What the task asks.
Find the line below with "InputParam : Constant" and the line with "Product : Product". Output exactly those lines and everything between them, leaving out the pictures.

* * * *

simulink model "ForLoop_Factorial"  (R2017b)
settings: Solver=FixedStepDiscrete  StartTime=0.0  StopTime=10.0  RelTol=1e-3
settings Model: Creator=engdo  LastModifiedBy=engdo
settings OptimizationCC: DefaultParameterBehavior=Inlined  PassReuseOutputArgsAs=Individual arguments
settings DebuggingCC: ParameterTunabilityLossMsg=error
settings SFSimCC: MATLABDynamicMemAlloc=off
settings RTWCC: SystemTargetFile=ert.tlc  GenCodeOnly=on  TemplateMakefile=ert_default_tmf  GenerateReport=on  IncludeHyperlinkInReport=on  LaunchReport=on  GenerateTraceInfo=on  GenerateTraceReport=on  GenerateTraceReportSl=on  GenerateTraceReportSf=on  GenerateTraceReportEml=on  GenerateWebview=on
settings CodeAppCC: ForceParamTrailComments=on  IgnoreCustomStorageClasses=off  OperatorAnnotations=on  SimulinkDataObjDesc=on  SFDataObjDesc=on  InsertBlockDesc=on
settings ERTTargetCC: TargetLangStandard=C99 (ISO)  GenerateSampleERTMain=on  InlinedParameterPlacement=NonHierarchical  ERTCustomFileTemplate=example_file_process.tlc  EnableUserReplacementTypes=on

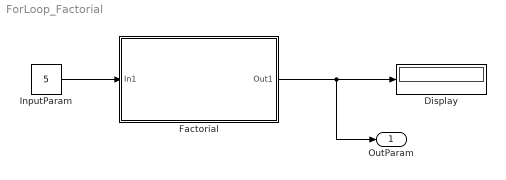
== system ForLoop_Factorial ==
  Display : Display
  Factorial : Subsystem  TreatAsAtomicUnit=on
  InputParam : Constant  Value=5
  OutParam : Outport
  wires:
  Factorial/1(Out1) -> OutParam/1, Display/1
  InputParam/1 -> Factorial/1(In1)

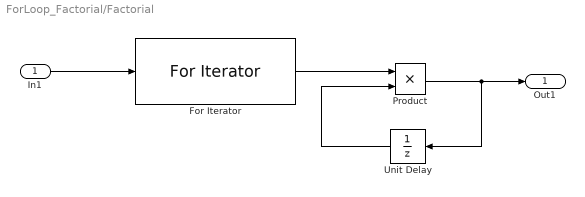
== system ForLoop_Factorial/Factorial ==
  In1 : Inport
  For Iterator : ForIterator  ResetStates=reset  IterationSource=external
  Product : Product  OutDataTypeStr=int32
  Unit Delay : UnitDelay  InitialCondition=1  SampleTime=-1
  Out1 : Outport
  wires:
  In1/1 -> For Iterator/1
  For Iterator/1 -> Product/1
  Product/1 -> Unit Delay/1, Out1/1
  Unit Delay/1 -> Product/2

* * * *

Exercise solution.
  InputParam : Constant  Value=5
  OutParam : Outport
  wires:
  Factorial/1(Out1) -> OutParam/1, Display/1
  InputParam/1 -> Factorial/1(In1)

== system ForLoop_Factorial/Factorial ==
  In1 : Inport
  For Iterator : ForIterator  ResetStates=reset  IterationSource=external
  Product : Product  OutDataTypeStr=int32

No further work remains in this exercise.